:: What to do ::
Copy out the entries below exactly as they stand, but only from the line containing "#153 = DIRECTION" through the line containing "#729 = AXIS2_PLACEMENT_3D".
⟨
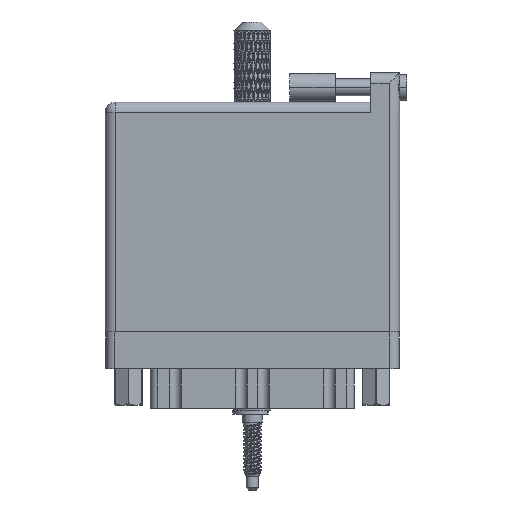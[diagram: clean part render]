
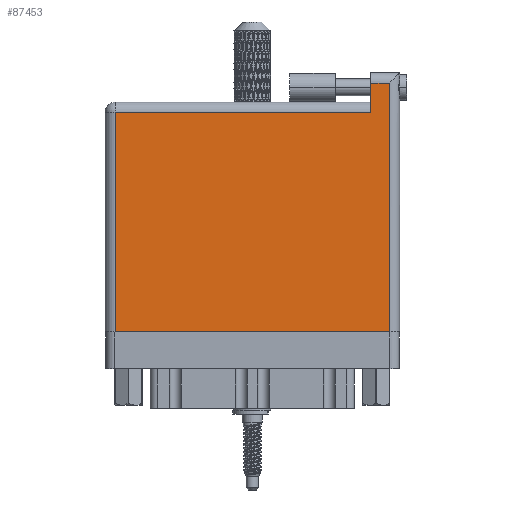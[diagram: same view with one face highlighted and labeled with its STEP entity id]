
A CAD part, front view. The second image highlights one B-rep face of the part: STEP entity #87453.
In plain terms, the highlighted face is planar.
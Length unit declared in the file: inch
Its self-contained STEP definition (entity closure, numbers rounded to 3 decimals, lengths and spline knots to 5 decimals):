
#6049 = VECTOR ( 'NONE', #45952, 39.37008 ) ;
#11600 = ORIENTED_EDGE ( 'NONE', *, *, #100703, .T. ) ;
#11934 = ORIENTED_EDGE ( 'NONE', *, *, #15443, .T. ) ;
#14062 = CARTESIAN_POINT ( 'NONE',  ( 0., 1.696, 0. ) ) ;
#15443 = EDGE_CURVE ( 'NONE', #66015, #85860, #49678, .T. ) ;
#19135 = CARTESIAN_POINT ( 'NONE',  ( 0.07, 0., 0. ) ) ;
#21549 = VERTEX_POINT ( 'NONE', #51037 ) ;
#22311 = CARTESIAN_POINT ( 'NONE',  ( 0.07, 0., 0. ) ) ;
#23382 = DIRECTION ( 'NONE',  ( -1., 0., 0. ) ) ;
#26216 = EDGE_CURVE ( 'NONE', #105856, #21549, #83370, .T. ) ;
#26270 = FACE_OUTER_BOUND ( 'NONE', #87625, .T. ) ;
#26886 = CARTESIAN_POINT ( 'NONE',  ( 1.811, 1.496, 0. ) ) ;
#30619 = LINE ( 'NONE', #14062, #91005 ) ;
#32022 = AXIS2_PLACEMENT_3D ( 'NONE', #111969, #52576, #70235 ) ;
#32794 = VERTEX_POINT ( 'NONE', #35376 ) ;
#34299 = LINE ( 'NONE', #96551, #53051 ) ;
#35376 = CARTESIAN_POINT ( 'NONE',  ( 1.811, 1.696, 0. ) ) ;
#36239 = LINE ( 'NONE', #62500, #6049 ) ;
#36567 = DIRECTION ( 'NONE',  ( 1., 0., 0. ) ) ;
#40011 = LINE ( 'NONE', #22311, #51862 ) ;
#40525 = CARTESIAN_POINT ( 'NONE',  ( 0., 1.496, 0. ) ) ;
#44164 = EDGE_CURVE ( 'NONE', #32794, #66015, #36239, .T. ) ;
#45952 = DIRECTION ( 'NONE',  ( 0., -1., 0. ) ) ;
#46674 = CARTESIAN_POINT ( 'NONE',  ( 1.938, 0., 0. ) ) ;
#47993 = DIRECTION ( 'NONE',  ( 0., 1., 0. ) ) ;
#48986 = EDGE_CURVE ( 'NONE', #21549, #32794, #30619, .T. ) ;
#49678 = LINE ( 'NONE', #40525, #102567 ) ;
#51037 = CARTESIAN_POINT ( 'NONE',  ( 1.938, 1.696, 0. ) ) ;
#51862 = VECTOR ( 'NONE', #85095, 39.37008 ) ;
#52576 = DIRECTION ( 'NONE',  ( 0., 0., -1. ) ) ;
#53051 = VECTOR ( 'NONE', #36567, 39.37008 ) ;
#58406 = ORIENTED_EDGE ( 'NONE', *, *, #48986, .T. ) ;
#62500 = CARTESIAN_POINT ( 'NONE',  ( 1.811, 1.766, 0. ) ) ;
#66015 = VERTEX_POINT ( 'NONE', #26886 ) ;
#66038 = EDGE_CURVE ( 'NONE', #112591, #105856, #34299, .T. ) ;
#68148 = ORIENTED_EDGE ( 'NONE', *, *, #44164, .T. ) ;
#70235 = DIRECTION ( 'NONE',  ( -1., 0., 0. ) ) ;
#76425 = ORIENTED_EDGE ( 'NONE', *, *, #66038, .T. ) ;
#77601 = VECTOR ( 'NONE', #47993, 39.37008 ) ;
#81133 = CARTESIAN_POINT ( 'NONE',  ( 1.938, 1.766, 0. ) ) ;
#83370 = LINE ( 'NONE', #81133, #77601 ) ;
#85095 = DIRECTION ( 'NONE',  ( 0., -1., 0. ) ) ;
#85386 = DIRECTION ( 'NONE',  ( -1., 0., 0. ) ) ;
#85860 = VERTEX_POINT ( 'NONE', #86186 ) ;
#86186 = CARTESIAN_POINT ( 'NONE',  ( 0.07, 1.496, 0. ) ) ;
#86834 = PLANE ( 'NONE',  #32022 ) ;
#87453 = ADVANCED_FACE ( 'NONE', ( #26270 ), #86834, .F. ) ;
#87625 = EDGE_LOOP ( 'NONE', ( #76425, #106561, #58406, #68148, #11934, #11600 ) ) ;
#91005 = VECTOR ( 'NONE', #85386, 39.37008 ) ;
#96551 = CARTESIAN_POINT ( 'NONE',  ( 0., 0., 0. ) ) ;
#100703 = EDGE_CURVE ( 'NONE', #85860, #112591, #40011, .T. ) ;
#102567 = VECTOR ( 'NONE', #23382, 39.37008 ) ;
#105856 = VERTEX_POINT ( 'NONE', #46674 ) ;
#106561 = ORIENTED_EDGE ( 'NONE', *, *, #26216, .T. ) ;
#111969 = CARTESIAN_POINT ( 'NONE',  ( 0., 1.566, 0. ) ) ;
#112591 = VERTEX_POINT ( 'NONE', #19135 ) ;
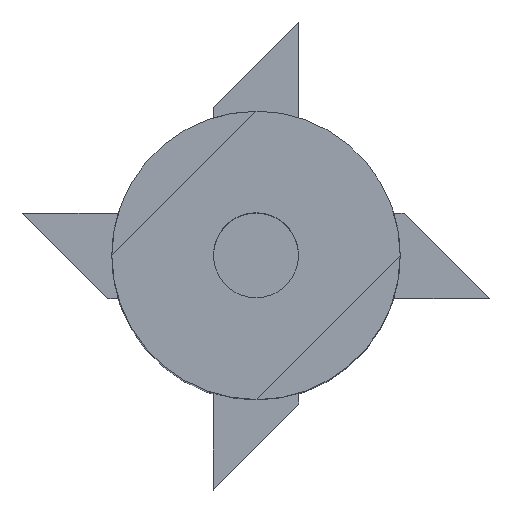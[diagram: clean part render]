
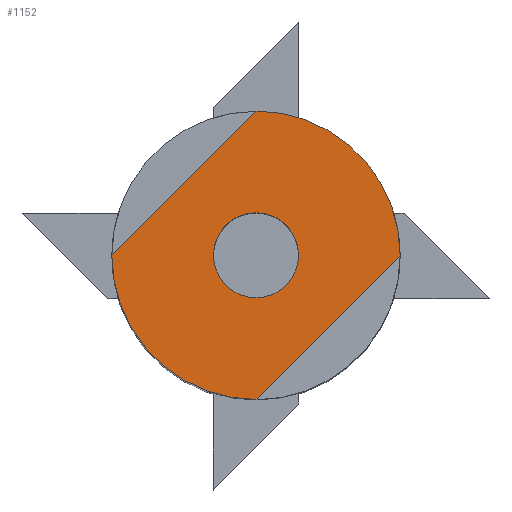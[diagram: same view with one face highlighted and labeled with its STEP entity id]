
A CAD part, top view. The second image highlights one B-rep face of the part: STEP entity #1152.
In plain terms, the highlighted planar face has unit normal (0, 0, 1).
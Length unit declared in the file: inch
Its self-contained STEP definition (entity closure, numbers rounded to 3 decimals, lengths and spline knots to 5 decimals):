
#3 = VERTEX_POINT ( 'NONE', #308 ) ;
#8 = CARTESIAN_POINT ( 'NONE',  ( 22.58257, 15.68599, 10. ) ) ;
#24 = AXIS2_PLACEMENT_3D ( 'NONE', #344, #153, #145 ) ;
#113 = ORIENTED_EDGE ( 'NONE', *, *, #826, .F. ) ;
#124 = DIRECTION ( 'NONE',  ( 1., 0., 0. ) ) ;
#127 = DIRECTION ( 'NONE',  ( 0., 0., 1. ) ) ;
#145 = DIRECTION ( 'NONE',  ( 1., 0., 0. ) ) ;
#153 = DIRECTION ( 'NONE',  ( 0., 0., 1. ) ) ;
#161 = PLANE ( 'NONE',  #24 ) ;
#182 = EDGE_LOOP ( 'NONE', ( #913, #1031, #777, #1003 ) ) ;
#194 = VECTOR ( 'NONE', #551, 39.37008 ) ;
#197 = CARTESIAN_POINT ( 'NONE',  ( 22.58257, 15.68599, 10. ) ) ;
#210 = CIRCLE ( 'NONE', #1004, 1.70412 ) ;
#308 = CARTESIAN_POINT ( 'NONE',  ( 22.58257, 17.39011, 10. ) ) ;
#336 = EDGE_LOOP ( 'NONE', ( #810, #113 ) ) ;
#344 = CARTESIAN_POINT ( 'NONE',  ( 0., 0., 10. ) ) ;
#353 = VERTEX_POINT ( 'NONE', #631 ) ;
#377 = CIRCLE ( 'NONE', #729, 0.50198 ) ;
#443 = CIRCLE ( 'NONE', #1026, 0.50198 ) ;
#480 = CARTESIAN_POINT ( 'NONE',  ( 4.30035, -4.30035, 10. ) ) ;
#550 = EDGE_CURVE ( 'NONE', #353, #794, #999, .T. ) ;
#551 = DIRECTION ( 'NONE',  ( -0.707, -0.707, 0. ) ) ;
#555 = AXIS2_PLACEMENT_3D ( 'NONE', #934, #792, #680 ) ;
#627 = EDGE_CURVE ( 'NONE', #835, #712, #443, .T. ) ;
#631 = CARTESIAN_POINT ( 'NONE',  ( 22.58257, 13.98188, 10. ) ) ;
#653 = EDGE_CURVE ( 'NONE', #794, #3, #210, .T. ) ;
#666 = CARTESIAN_POINT ( 'NONE',  ( 23.08455, 15.68599, 10. ) ) ;
#680 = DIRECTION ( 'NONE',  ( 1., 0., 0. ) ) ;
#694 = CARTESIAN_POINT ( 'NONE',  ( 20.87845, 15.68599, 10. ) ) ;
#712 = VERTEX_POINT ( 'NONE', #666 ) ;
#729 = AXIS2_PLACEMENT_3D ( 'NONE', #988, #985, #979 ) ;
#777 = ORIENTED_EDGE ( 'NONE', *, *, #653, .T. ) ;
#778 = VECTOR ( 'NONE', #997, 39.37008 ) ;
#791 = EDGE_CURVE ( 'NONE', #3, #1144, #882, .T. ) ;
#792 = DIRECTION ( 'NONE',  ( 0., 0., 1. ) ) ;
#794 = VERTEX_POINT ( 'NONE', #1164 ) ;
#810 = ORIENTED_EDGE ( 'NONE', *, *, #627, .F. ) ;
#826 = EDGE_CURVE ( 'NONE', #712, #835, #377, .T. ) ;
#835 = VERTEX_POINT ( 'NONE', #1077 ) ;
#882 = LINE ( 'NONE', #1167, #194 ) ;
#889 = CIRCLE ( 'NONE', #555, 1.70412 ) ;
#913 = ORIENTED_EDGE ( 'NONE', *, *, #928, .T. ) ;
#928 = EDGE_CURVE ( 'NONE', #1144, #353, #889, .T. ) ;
#933 = FACE_BOUND ( 'NONE', #336, .T. ) ;
#934 = CARTESIAN_POINT ( 'NONE',  ( 22.58257, 15.68599, 10. ) ) ;
#979 = DIRECTION ( 'NONE',  ( 1., 0., 0. ) ) ;
#985 = DIRECTION ( 'NONE',  ( 0., 0., 1. ) ) ;
#988 = CARTESIAN_POINT ( 'NONE',  ( 22.58257, 15.68599, 10. ) ) ;
#997 = DIRECTION ( 'NONE',  ( 0.707, 0.707, 0. ) ) ;
#999 = LINE ( 'NONE', #480, #778 ) ;
#1003 = ORIENTED_EDGE ( 'NONE', *, *, #791, .T. ) ;
#1004 = AXIS2_PLACEMENT_3D ( 'NONE', #8, #1094, #1006 ) ;
#1006 = DIRECTION ( 'NONE',  ( 1., 0., 0. ) ) ;
#1026 = AXIS2_PLACEMENT_3D ( 'NONE', #197, #127, #124 ) ;
#1031 = ORIENTED_EDGE ( 'NONE', *, *, #550, .T. ) ;
#1077 = CARTESIAN_POINT ( 'NONE',  ( 22.08059, 15.68599, 10. ) ) ;
#1094 = DIRECTION ( 'NONE',  ( 0., 0., 1. ) ) ;
#1144 = VERTEX_POINT ( 'NONE', #694 ) ;
#1150 = FACE_OUTER_BOUND ( 'NONE', #182, .T. ) ;
#1152 = ADVANCED_FACE ( 'NONE', ( #1150, #933 ), #161, .T. ) ;
#1164 = CARTESIAN_POINT ( 'NONE',  ( 24.28669, 15.68599, 10. ) ) ;
#1167 = CARTESIAN_POINT ( 'NONE',  ( 2.59623, -2.59623, 10. ) ) ;
⟩
:: Exercise solution ::
#153 = DIRECTION ( 'NONE',  ( 0., 0., 1. ) ) ;
#161 = PLANE ( 'NONE',  #24 ) ;
#182 = EDGE_LOOP ( 'NONE', ( #913, #1031, #777, #1003 ) ) ;
#194 = VECTOR ( 'NONE', #551, 39.37008 ) ;
#197 = CARTESIAN_POINT ( 'NONE',  ( 22.58257, 15.68599, 10. ) ) ;
#210 = CIRCLE ( 'NONE', #1004, 1.70412 ) ;
#308 = CARTESIAN_POINT ( 'NONE',  ( 22.58257, 17.39011, 10. ) ) ;
#336 = EDGE_LOOP ( 'NONE', ( #810, #113 ) ) ;
#344 = CARTESIAN_POINT ( 'NONE',  ( 0., 0., 10. ) ) ;
#353 = VERTEX_POINT ( 'NONE', #631 ) ;
#377 = CIRCLE ( 'NONE', #729, 0.50198 ) ;
#443 = CIRCLE ( 'NONE', #1026, 0.50198 ) ;
#480 = CARTESIAN_POINT ( 'NONE',  ( 4.30035, -4.30035, 10. ) ) ;
#550 = EDGE_CURVE ( 'NONE', #353, #794, #999, .T. ) ;
#551 = DIRECTION ( 'NONE',  ( -0.707, -0.707, 0. ) ) ;
#555 = AXIS2_PLACEMENT_3D ( 'NONE', #934, #792, #680 ) ;
#627 = EDGE_CURVE ( 'NONE', #835, #712, #443, .T. ) ;
#631 = CARTESIAN_POINT ( 'NONE',  ( 22.58257, 13.98188, 10. ) ) ;
#653 = EDGE_CURVE ( 'NONE', #794, #3, #210, .T. ) ;
#666 = CARTESIAN_POINT ( 'NONE',  ( 23.08455, 15.68599, 10. ) ) ;
#680 = DIRECTION ( 'NONE',  ( 1., 0., 0. ) ) ;
#694 = CARTESIAN_POINT ( 'NONE',  ( 20.87845, 15.68599, 10. ) ) ;
#712 = VERTEX_POINT ( 'NONE', #666 ) ;
#729 = AXIS2_PLACEMENT_3D ( 'NONE', #988, #985, #979 ) ;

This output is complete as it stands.